Given information: Begin

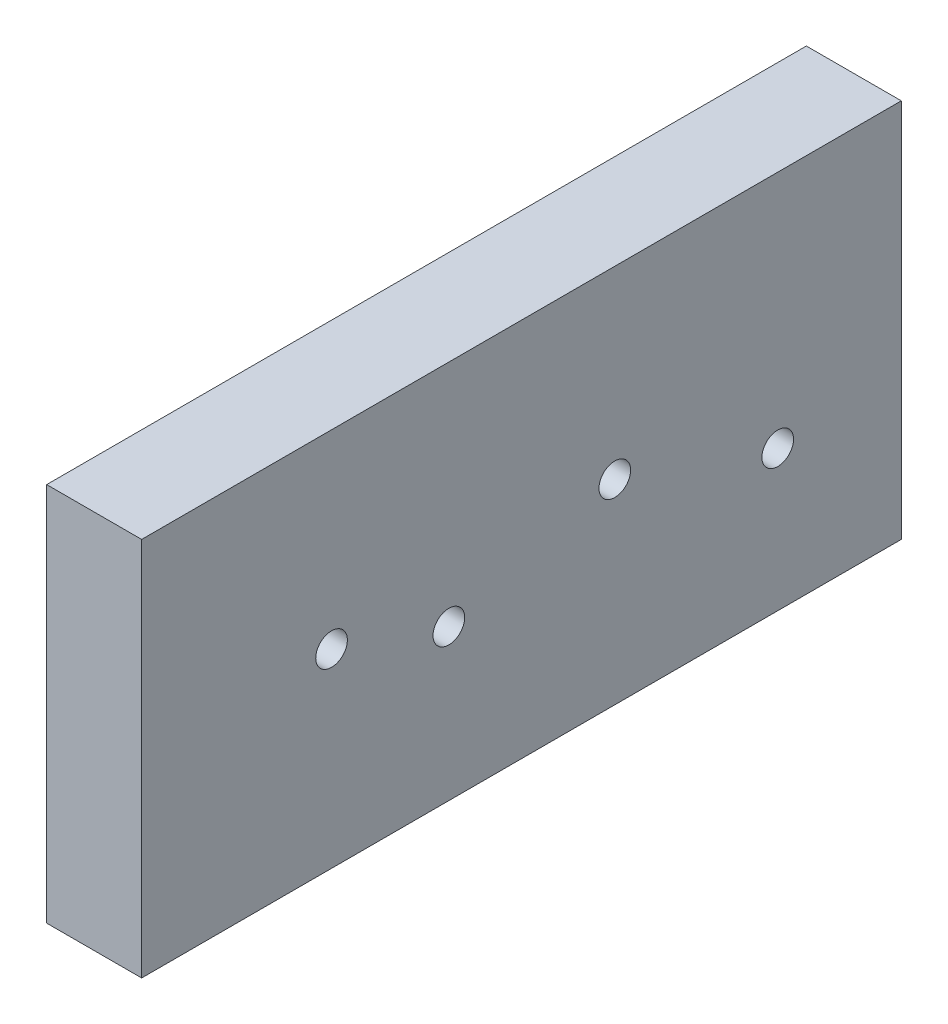
ISO-10303-21;
HEADER;
FILE_DESCRIPTION(('STEP AP214'),'2;1');
FILE_NAME('part.step','',(''),(''),'','','');
FILE_SCHEMA(('AUTOMOTIVE_DESIGN { 1 0 10303 214 1 1 1 1 }'));
ENDSEC;
DATA;
#1=APPLICATION_CONTEXT('core data for automotive mechanical design processes');
#2=APPLICATION_PROTOCOL_DEFINITION('international standard','automotive_design',2000,#1);
#3=PRODUCT_CONTEXT('',#1,'mechanical');
#4=PRODUCT('Part','Part','',(#3));
#5=PRODUCT_RELATED_PRODUCT_CATEGORY('part','',(#4));
#6=PRODUCT_DEFINITION_FORMATION('','',#4);
#7=PRODUCT_DEFINITION_CONTEXT('part definition',#1,'design');
#8=PRODUCT_DEFINITION('design','',#6,#7);
#9=PRODUCT_DEFINITION_SHAPE('','',#8);
#10=(LENGTH_UNIT() NAMED_UNIT(*) SI_UNIT(.MILLI.,.METRE.));
#11=(NAMED_UNIT(*) PLANE_ANGLE_UNIT() SI_UNIT($,.RADIAN.));
#12=(NAMED_UNIT(*) SI_UNIT($,.STERADIAN.) SOLID_ANGLE_UNIT());
#13=UNCERTAINTY_MEASURE_WITH_UNIT(LENGTH_MEASURE(1.E-05),#10,'distance_accuracy_value','');
#14=(GEOMETRIC_REPRESENTATION_CONTEXT(3) GLOBAL_UNCERTAINTY_ASSIGNED_CONTEXT((#13)) GLOBAL_UNIT_ASSIGNED_CONTEXT((#10,
#11,#12)) REPRESENTATION_CONTEXT('',''));
#15=CARTESIAN_POINT('',(0.,0.,0.));
#16=DIRECTION('',(0.,0.,1.));
#17=DIRECTION('',(1.,0.,0.));
#18=AXIS2_PLACEMENT_3D('',#15,#16,#17);
#19=CARTESIAN_POINT('',(19.05,-9.873506971,-51.4082559918149));
#20=DIRECTION('',(-1.,0.,0.));
#21=DIRECTION('',(0.,0.,1.));
#22=AXIS2_PLACEMENT_3D('',#19,#20,#21);
#23=CYLINDRICAL_SURFACE('',#22,3.175);
#24=CARTESIAN_POINT('',(19.05,-9.873506971,-51.4082559918149));
#25=DIRECTION('',(1.,0.,0.));
#26=DIRECTION('',(0.,0.,-1.));
#27=AXIS2_PLACEMENT_3D('',#24,#25,#26);
#28=CIRCLE('',#27,3.175);
#29=CARTESIAN_POINT('',(19.05,-9.873506971,-48.2332559918149));
#30=VERTEX_POINT('',#29);
#31=EDGE_CURVE('E193',#30,#30,#28,.T.);
#32=CARTESIAN_POINT('',(6.35,-9.873506971,-51.4082559918149));
#33=DIRECTION('',(-1.,0.,0.));
#34=DIRECTION('',(0.,0.,1.));
#35=AXIS2_PLACEMENT_3D('',#32,#33,#34);
#36=CIRCLE('',#35,3.175);
#37=CARTESIAN_POINT('',(6.35,-9.873506971,-48.2332559918149));
#38=VERTEX_POINT('',#37);
#39=EDGE_CURVE('E53',#38,#38,#36,.T.);
#40=CARTESIAN_POINT('',(19.05,-9.873506971,-48.2332559918149));
#41=CARTESIAN_POINT('',(18.9177083333333,-9.873506971,-48.2332559918149));
#42=CARTESIAN_POINT('',(18.7854166666667,-9.873506971,-48.2332559918149));
#43=CARTESIAN_POINT('',(18.5208333333333,-9.873506971,-48.2332559918149));
#44=CARTESIAN_POINT('',(18.3885416666667,-9.873506971,-48.2332559918149));
#45=CARTESIAN_POINT('',(18.1239583333333,-9.873506971,-48.2332559918149));
#46=CARTESIAN_POINT('',(17.9916666666667,-9.873506971,-48.2332559918149));
#47=CARTESIAN_POINT('',(17.7270833333333,-9.873506971,-48.2332559918149));
#48=CARTESIAN_POINT('',(17.5947916666667,-9.873506971,-48.2332559918149));
#49=CARTESIAN_POINT('',(17.3302083333333,-9.873506971,-48.2332559918149));
#50=CARTESIAN_POINT('',(17.1979166666667,-9.873506971,-48.2332559918149));
#51=CARTESIAN_POINT('',(16.9333333333333,-9.873506971,-48.2332559918149));
#52=CARTESIAN_POINT('',(16.8010416666667,-9.873506971,-48.2332559918149));
#53=CARTESIAN_POINT('',(16.5364583333333,-9.873506971,-48.2332559918149));
#54=CARTESIAN_POINT('',(16.4041666666667,-9.873506971,-48.2332559918149));
#55=CARTESIAN_POINT('',(16.1395833333333,-9.873506971,-48.2332559918149));
#56=CARTESIAN_POINT('',(16.0072916666667,-9.873506971,-48.2332559918149));
#57=CARTESIAN_POINT('',(15.7427083333333,-9.873506971,-48.2332559918149));
#58=CARTESIAN_POINT('',(15.6104166666667,-9.873506971,-48.2332559918149));
#59=CARTESIAN_POINT('',(15.3458333333333,-9.873506971,-48.2332559918149));
#60=CARTESIAN_POINT('',(15.2135416666667,-9.873506971,-48.2332559918149));
#61=CARTESIAN_POINT('',(14.9489583333333,-9.873506971,-48.2332559918149));
#62=CARTESIAN_POINT('',(14.8166666666667,-9.873506971,-48.2332559918149));
#63=CARTESIAN_POINT('',(14.5520833333333,-9.873506971,-48.2332559918149));
#64=CARTESIAN_POINT('',(14.4197916666667,-9.873506971,-48.2332559918149));
#65=CARTESIAN_POINT('',(14.1552083333333,-9.873506971,-48.2332559918149));
#66=CARTESIAN_POINT('',(14.0229166666667,-9.873506971,-48.2332559918149));
#67=CARTESIAN_POINT('',(13.7583333333333,-9.873506971,-48.2332559918149));
#68=CARTESIAN_POINT('',(13.6260416666667,-9.873506971,-48.2332559918149));
#69=CARTESIAN_POINT('',(13.3614583333333,-9.873506971,-48.2332559918149));
#70=CARTESIAN_POINT('',(13.2291666666667,-9.873506971,-48.2332559918149));
#71=CARTESIAN_POINT('',(12.9645833333333,-9.873506971,-48.2332559918149));
#72=CARTESIAN_POINT('',(12.8322916666667,-9.873506971,-48.2332559918149));
#73=CARTESIAN_POINT('',(12.5677083333333,-9.873506971,-48.2332559918149));
#74=CARTESIAN_POINT('',(12.4354166666667,-9.873506971,-48.2332559918149));
#75=CARTESIAN_POINT('',(12.1708333333333,-9.873506971,-48.2332559918149));
#76=CARTESIAN_POINT('',(12.0385416666667,-9.873506971,-48.2332559918149));
#77=CARTESIAN_POINT('',(11.7739583333333,-9.873506971,-48.2332559918149));
#78=CARTESIAN_POINT('',(11.6416666666667,-9.873506971,-48.2332559918149));
#79=CARTESIAN_POINT('',(11.3770833333333,-9.873506971,-48.2332559918149));
#80=CARTESIAN_POINT('',(11.2447916666667,-9.873506971,-48.2332559918149));
#81=CARTESIAN_POINT('',(10.9802083333333,-9.873506971,-48.2332559918149));
#82=CARTESIAN_POINT('',(10.8479166666667,-9.873506971,-48.2332559918149));
#83=CARTESIAN_POINT('',(10.5833333333333,-9.873506971,-48.2332559918149));
#84=CARTESIAN_POINT('',(10.4510416666667,-9.873506971,-48.2332559918149));
#85=CARTESIAN_POINT('',(10.1864583333333,-9.873506971,-48.2332559918149));
#86=CARTESIAN_POINT('',(10.0541666666667,-9.873506971,-48.2332559918149));
#87=CARTESIAN_POINT('',(9.78958333333333,-9.873506971,-48.2332559918149));
#88=CARTESIAN_POINT('',(9.65729166666667,-9.873506971,-48.2332559918149));
#89=CARTESIAN_POINT('',(9.39270833333333,-9.873506971,-48.2332559918149));
#90=CARTESIAN_POINT('',(9.26041666666667,-9.873506971,-48.2332559918149));
#91=CARTESIAN_POINT('',(8.99583333333333,-9.873506971,-48.2332559918149));
#92=CARTESIAN_POINT('',(8.86354166666667,-9.873506971,-48.2332559918149));
#93=CARTESIAN_POINT('',(8.59895833333333,-9.873506971,-48.2332559918149));
#94=CARTESIAN_POINT('',(8.46666666666667,-9.873506971,-48.2332559918149));
#95=CARTESIAN_POINT('',(8.20208333333333,-9.873506971,-48.2332559918149));
#96=CARTESIAN_POINT('',(8.06979166666667,-9.873506971,-48.2332559918149));
#97=CARTESIAN_POINT('',(7.80520833333333,-9.873506971,-48.2332559918149));
#98=CARTESIAN_POINT('',(7.67291666666667,-9.873506971,-48.2332559918149));
#99=CARTESIAN_POINT('',(7.40833333333333,-9.873506971,-48.2332559918149));
#100=CARTESIAN_POINT('',(7.27604166666667,-9.873506971,-48.2332559918149));
#101=CARTESIAN_POINT('',(7.01145833333333,-9.873506971,-48.2332559918149));
#102=CARTESIAN_POINT('',(6.87916666666667,-9.873506971,-48.2332559918149));
#103=CARTESIAN_POINT('',(6.61458333333333,-9.873506971,-48.2332559918149));
#104=CARTESIAN_POINT('',(6.48229166666667,-9.873506971,-48.2332559918149));
#105=CARTESIAN_POINT('',(6.35,-9.873506971,-48.2332559918149));
#106=B_SPLINE_CURVE_WITH_KNOTS('',3,(#40,#41,#42,#43,#44,#45,#46,#47,#48,#49,#50,#51,#52,#53,
#54,#55,#56,#57,#58,#59,#60,#61,#62,#63,#64,#65,#66,#67,#68,#69,#70,#71,#72,#73,#74,#75,#76,#77,
#78,#79,#80,#81,#82,#83,#84,#85,#86,#87,#88,#89,#90,#91,#92,#93,#94,#95,#96,#97,#98,#99,#100,
#101,#102,#103,#104,#105),.UNSPECIFIED.,.F.,.F.,(4,2,2,2,2,2,2,2,2,2,2,2,2,2,2,2,2,2,2,2,2,2,2,
2,2,2,2,2,2,2,2,2,4),(0.,0.396874999999998,0.793749999999999,1.190625,1.5875,1.984375,2.38125,
2.778125,3.175,3.571875,3.96875,4.365625,4.7625,5.159375,5.55625,5.953125,6.35,6.746875,7.14375,
7.540625,7.9375,8.334375,8.73125,9.128125,9.525,9.921875,10.31875,10.715625,11.1125,11.509375,
11.90625,12.303125,12.7),.UNSPECIFIED.);
#107=EDGE_CURVE('BSEAM49',#30,#38,#106,.T.);
#108=ORIENTED_EDGE('',*,*,#31,.T.);
#109=ORIENTED_EDGE('',*,*,#39,.T.);
#110=ORIENTED_EDGE('',*,*,#107,.T.);
#111=ORIENTED_EDGE('',*,*,#107,.F.);
#112=EDGE_LOOP('',(#108,#110,#109,#111));
#113=FACE_BOUND('',#112,.T.);
#114=ADVANCED_FACE('F49',(#113),#23,.F.);
#115=CARTESIAN_POINT('',(19.05,1.096077429,-18.7225315801618));
#116=DIRECTION('',(-1.,0.,0.));
#117=DIRECTION('',(0.,0.,1.));
#118=AXIS2_PLACEMENT_3D('',#115,#116,#117);
#119=CYLINDRICAL_SURFACE('',#118,3.175);
#120=CARTESIAN_POINT('',(19.05,1.096077429,-18.7225315801618));
#121=DIRECTION('',(1.,0.,0.));
#122=DIRECTION('',(0.,0.,-1.));
#123=AXIS2_PLACEMENT_3D('',#120,#121,#122);
#124=CIRCLE('',#123,3.175);
#125=CARTESIAN_POINT('',(19.05,1.096077429,-15.5475315801618));
#126=VERTEX_POINT('',#125);
#127=EDGE_CURVE('E189',#126,#126,#124,.T.);
#128=CARTESIAN_POINT('',(6.35,1.096077429,-18.7225315801618));
#129=DIRECTION('',(-1.,0.,0.));
#130=DIRECTION('',(0.,0.,1.));
#131=AXIS2_PLACEMENT_3D('',#128,#129,#130);
#132=CIRCLE('',#131,3.175);
#133=CARTESIAN_POINT('',(6.35,1.096077429,-15.5475315801618));
#134=VERTEX_POINT('',#133);
#135=EDGE_CURVE('E227',#134,#134,#132,.T.);
#136=CARTESIAN_POINT('',(19.05,1.096077429,-15.5475315801618));
#137=CARTESIAN_POINT('',(18.9177083333333,1.096077429,-15.5475315801618));
#138=CARTESIAN_POINT('',(18.7854166666667,1.096077429,-15.5475315801618));
#139=CARTESIAN_POINT('',(18.5208333333333,1.096077429,-15.5475315801618));
#140=CARTESIAN_POINT('',(18.3885416666667,1.096077429,-15.5475315801618));
#141=CARTESIAN_POINT('',(18.1239583333333,1.096077429,-15.5475315801618));
#142=CARTESIAN_POINT('',(17.9916666666667,1.096077429,-15.5475315801618));
#143=CARTESIAN_POINT('',(17.7270833333333,1.096077429,-15.5475315801618));
#144=CARTESIAN_POINT('',(17.5947916666667,1.096077429,-15.5475315801618));
#145=CARTESIAN_POINT('',(17.3302083333333,1.096077429,-15.5475315801618));
#146=CARTESIAN_POINT('',(17.1979166666667,1.096077429,-15.5475315801618));
#147=CARTESIAN_POINT('',(16.9333333333333,1.096077429,-15.5475315801618));
#148=CARTESIAN_POINT('',(16.8010416666667,1.096077429,-15.5475315801618));
#149=CARTESIAN_POINT('',(16.5364583333333,1.096077429,-15.5475315801618));
#150=CARTESIAN_POINT('',(16.4041666666667,1.096077429,-15.5475315801618));
#151=CARTESIAN_POINT('',(16.1395833333333,1.096077429,-15.5475315801618));
#152=CARTESIAN_POINT('',(16.0072916666667,1.096077429,-15.5475315801618));
#153=CARTESIAN_POINT('',(15.7427083333333,1.096077429,-15.5475315801618));
#154=CARTESIAN_POINT('',(15.6104166666667,1.096077429,-15.5475315801618));
#155=CARTESIAN_POINT('',(15.3458333333333,1.096077429,-15.5475315801618));
#156=CARTESIAN_POINT('',(15.2135416666667,1.096077429,-15.5475315801618));
#157=CARTESIAN_POINT('',(14.9489583333333,1.096077429,-15.5475315801618));
#158=CARTESIAN_POINT('',(14.8166666666667,1.096077429,-15.5475315801618));
#159=CARTESIAN_POINT('',(14.5520833333333,1.096077429,-15.5475315801618));
#160=CARTESIAN_POINT('',(14.4197916666667,1.096077429,-15.5475315801618));
#161=CARTESIAN_POINT('',(14.1552083333333,1.096077429,-15.5475315801618));
#162=CARTESIAN_POINT('',(14.0229166666667,1.096077429,-15.5475315801618));
#163=CARTESIAN_POINT('',(13.7583333333333,1.096077429,-15.5475315801618));
#164=CARTESIAN_POINT('',(13.6260416666667,1.096077429,-15.5475315801618));
#165=CARTESIAN_POINT('',(13.3614583333333,1.096077429,-15.5475315801618));
#166=CARTESIAN_POINT('',(13.2291666666667,1.096077429,-15.5475315801618));
#167=CARTESIAN_POINT('',(12.9645833333333,1.096077429,-15.5475315801618));
#168=CARTESIAN_POINT('',(12.8322916666667,1.096077429,-15.5475315801618));
#169=CARTESIAN_POINT('',(12.5677083333333,1.096077429,-15.5475315801618));
#170=CARTESIAN_POINT('',(12.4354166666667,1.096077429,-15.5475315801618));
#171=CARTESIAN_POINT('',(12.1708333333333,1.096077429,-15.5475315801618));
#172=CARTESIAN_POINT('',(12.0385416666667,1.096077429,-15.5475315801618));
#173=CARTESIAN_POINT('',(11.7739583333333,1.096077429,-15.5475315801618));
#174=CARTESIAN_POINT('',(11.6416666666667,1.096077429,-15.5475315801618));
#175=CARTESIAN_POINT('',(11.3770833333333,1.096077429,-15.5475315801618));
#176=CARTESIAN_POINT('',(11.2447916666667,1.096077429,-15.5475315801618));
#177=CARTESIAN_POINT('',(10.9802083333333,1.096077429,-15.5475315801618));
#178=CARTESIAN_POINT('',(10.8479166666667,1.096077429,-15.5475315801618));
#179=CARTESIAN_POINT('',(10.5833333333333,1.096077429,-15.5475315801618));
#180=CARTESIAN_POINT('',(10.4510416666667,1.096077429,-15.5475315801618));
#181=CARTESIAN_POINT('',(10.1864583333333,1.096077429,-15.5475315801618));
#182=CARTESIAN_POINT('',(10.0541666666667,1.096077429,-15.5475315801618));
#183=CARTESIAN_POINT('',(9.78958333333333,1.096077429,-15.5475315801618));
#184=CARTESIAN_POINT('',(9.65729166666667,1.096077429,-15.5475315801618));
#185=CARTESIAN_POINT('',(9.39270833333333,1.096077429,-15.5475315801618));
#186=CARTESIAN_POINT('',(9.26041666666667,1.096077429,-15.5475315801618));
#187=CARTESIAN_POINT('',(8.99583333333333,1.096077429,-15.5475315801618));
#188=CARTESIAN_POINT('',(8.86354166666667,1.096077429,-15.5475315801618));
#189=CARTESIAN_POINT('',(8.59895833333333,1.096077429,-15.5475315801618));
#190=CARTESIAN_POINT('',(8.46666666666667,1.096077429,-15.5475315801618));
#191=CARTESIAN_POINT('',(8.20208333333333,1.096077429,-15.5475315801618));
#192=CARTESIAN_POINT('',(8.06979166666667,1.096077429,-15.5475315801618));
#193=CARTESIAN_POINT('',(7.80520833333333,1.096077429,-15.5475315801618));
#194=CARTESIAN_POINT('',(7.67291666666667,1.096077429,-15.5475315801618));
#195=CARTESIAN_POINT('',(7.40833333333333,1.096077429,-15.5475315801618));
#196=CARTESIAN_POINT('',(7.27604166666667,1.096077429,-15.5475315801618));
#197=CARTESIAN_POINT('',(7.01145833333333,1.096077429,-15.5475315801618));
#198=CARTESIAN_POINT('',(6.87916666666667,1.096077429,-15.5475315801618));
#199=CARTESIAN_POINT('',(6.61458333333333,1.096077429,-15.5475315801618));
#200=CARTESIAN_POINT('',(6.48229166666667,1.096077429,-15.5475315801618));
#201=CARTESIAN_POINT('',(6.35,1.096077429,-15.5475315801618));
#202=B_SPLINE_CURVE_WITH_KNOTS('',3,(#136,#137,#138,#139,#140,#141,#142,#143,#144,#145,#146,
#147,#148,#149,#150,#151,#152,#153,#154,#155,#156,#157,#158,#159,#160,#161,#162,#163,#164,#165,
#166,#167,#168,#169,#170,#171,#172,#173,#174,#175,#176,#177,#178,#179,#180,#181,#182,#183,#184,
#185,#186,#187,#188,#189,#190,#191,#192,#193,#194,#195,#196,#197,#198,#199,#200,#201),
.UNSPECIFIED.,.F.,.F.,(4,2,2,2,2,2,2,2,2,2,2,2,2,2,2,2,2,2,2,2,2,2,2,2,2,2,2,2,2,2,2,2,4),(0.,
0.396874999999998,0.793749999999999,1.190625,1.5875,1.984375,2.38125,2.778125,3.175,3.571875,
3.96875,4.365625,4.7625,5.159375,5.55625,5.953125,6.35,6.746875,7.14375,7.540625,7.9375,
8.334375,8.73125,9.128125,9.525,9.921875,10.31875,10.715625,11.1125,11.509375,11.90625,
12.303125,12.7),.UNSPECIFIED.);
#203=EDGE_CURVE('BSEAM271',#126,#134,#202,.T.);
#204=ORIENTED_EDGE('',*,*,#127,.T.);
#205=ORIENTED_EDGE('',*,*,#135,.T.);
#206=ORIENTED_EDGE('',*,*,#203,.T.);
#207=ORIENTED_EDGE('',*,*,#203,.F.);
#208=EDGE_LOOP('',(#204,#206,#205,#207));
#209=FACE_BOUND('',#208,.T.);
#210=ADVANCED_FACE('F271',(#209),#119,.F.);
#211=CARTESIAN_POINT('',(19.05,0.,38.1));
#212=DIRECTION('',(-1.,0.,0.));
#213=DIRECTION('',(0.,0.,1.));
#214=AXIS2_PLACEMENT_3D('',#211,#212,#213);
#215=CYLINDRICAL_SURFACE('',#214,3.175);
#216=CARTESIAN_POINT('',(19.05,0.,38.1));
#217=DIRECTION('',(1.,0.,0.));
#218=DIRECTION('',(0.,0.,-1.));
#219=AXIS2_PLACEMENT_3D('',#216,#217,#218);
#220=CIRCLE('',#219,3.175);
#221=CARTESIAN_POINT('',(19.05,0.,41.275));
#222=VERTEX_POINT('',#221);
#223=EDGE_CURVE('E185',#222,#222,#220,.T.);
#224=CARTESIAN_POINT('',(6.35,0.,38.1));
#225=DIRECTION('',(-1.,0.,0.));
#226=DIRECTION('',(0.,0.,1.));
#227=AXIS2_PLACEMENT_3D('',#224,#225,#226);
#228=CIRCLE('',#227,3.175);
#229=CARTESIAN_POINT('',(6.35,0.,41.275));
#230=VERTEX_POINT('',#229);
#231=EDGE_CURVE('E224',#230,#230,#228,.T.);
#232=CARTESIAN_POINT('',(19.05,0.,41.275));
#233=CARTESIAN_POINT('',(18.9177083333333,0.,41.275));
#234=CARTESIAN_POINT('',(18.7854166666667,0.,41.275));
#235=CARTESIAN_POINT('',(18.5208333333333,0.,41.275));
#236=CARTESIAN_POINT('',(18.3885416666667,0.,41.275));
#237=CARTESIAN_POINT('',(18.1239583333333,0.,41.275));
#238=CARTESIAN_POINT('',(17.9916666666667,0.,41.275));
#239=CARTESIAN_POINT('',(17.7270833333333,0.,41.275));
#240=CARTESIAN_POINT('',(17.5947916666667,0.,41.275));
#241=CARTESIAN_POINT('',(17.3302083333333,0.,41.275));
#242=CARTESIAN_POINT('',(17.1979166666667,0.,41.275));
#243=CARTESIAN_POINT('',(16.9333333333333,0.,41.275));
#244=CARTESIAN_POINT('',(16.8010416666667,0.,41.275));
#245=CARTESIAN_POINT('',(16.5364583333333,0.,41.275));
#246=CARTESIAN_POINT('',(16.4041666666667,0.,41.275));
#247=CARTESIAN_POINT('',(16.1395833333333,0.,41.275));
#248=CARTESIAN_POINT('',(16.0072916666667,0.,41.275));
#249=CARTESIAN_POINT('',(15.7427083333333,0.,41.275));
#250=CARTESIAN_POINT('',(15.6104166666667,0.,41.275));
#251=CARTESIAN_POINT('',(15.3458333333333,0.,41.275));
#252=CARTESIAN_POINT('',(15.2135416666667,0.,41.275));
#253=CARTESIAN_POINT('',(14.9489583333333,0.,41.275));
#254=CARTESIAN_POINT('',(14.8166666666667,0.,41.275));
#255=CARTESIAN_POINT('',(14.5520833333333,0.,41.275));
#256=CARTESIAN_POINT('',(14.4197916666667,0.,41.275));
#257=CARTESIAN_POINT('',(14.1552083333333,0.,41.275));
#258=CARTESIAN_POINT('',(14.0229166666667,0.,41.275));
#259=CARTESIAN_POINT('',(13.7583333333333,0.,41.275));
#260=CARTESIAN_POINT('',(13.6260416666667,0.,41.275));
#261=CARTESIAN_POINT('',(13.3614583333333,0.,41.275));
#262=CARTESIAN_POINT('',(13.2291666666667,0.,41.275));
#263=CARTESIAN_POINT('',(12.9645833333333,0.,41.275));
#264=CARTESIAN_POINT('',(12.8322916666667,0.,41.275));
#265=CARTESIAN_POINT('',(12.5677083333333,0.,41.275));
#266=CARTESIAN_POINT('',(12.4354166666667,0.,41.275));
#267=CARTESIAN_POINT('',(12.1708333333333,0.,41.275));
#268=CARTESIAN_POINT('',(12.0385416666667,0.,41.275));
#269=CARTESIAN_POINT('',(11.7739583333333,0.,41.275));
#270=CARTESIAN_POINT('',(11.6416666666667,0.,41.275));
#271=CARTESIAN_POINT('',(11.3770833333333,0.,41.275));
#272=CARTESIAN_POINT('',(11.2447916666667,0.,41.275));
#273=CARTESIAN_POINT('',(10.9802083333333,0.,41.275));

Given information: End

**What the task requires**
Copy out the lines above, from the one holding "#272=CARTESIAN_POINT('',(11.2447916666667,0.,41.275));" through the final line, with no other lines.

**Exercise result**
#272=CARTESIAN_POINT('',(11.2447916666667,0.,41.275));
#273=CARTESIAN_POINT('',(10.9802083333333,0.,41.275));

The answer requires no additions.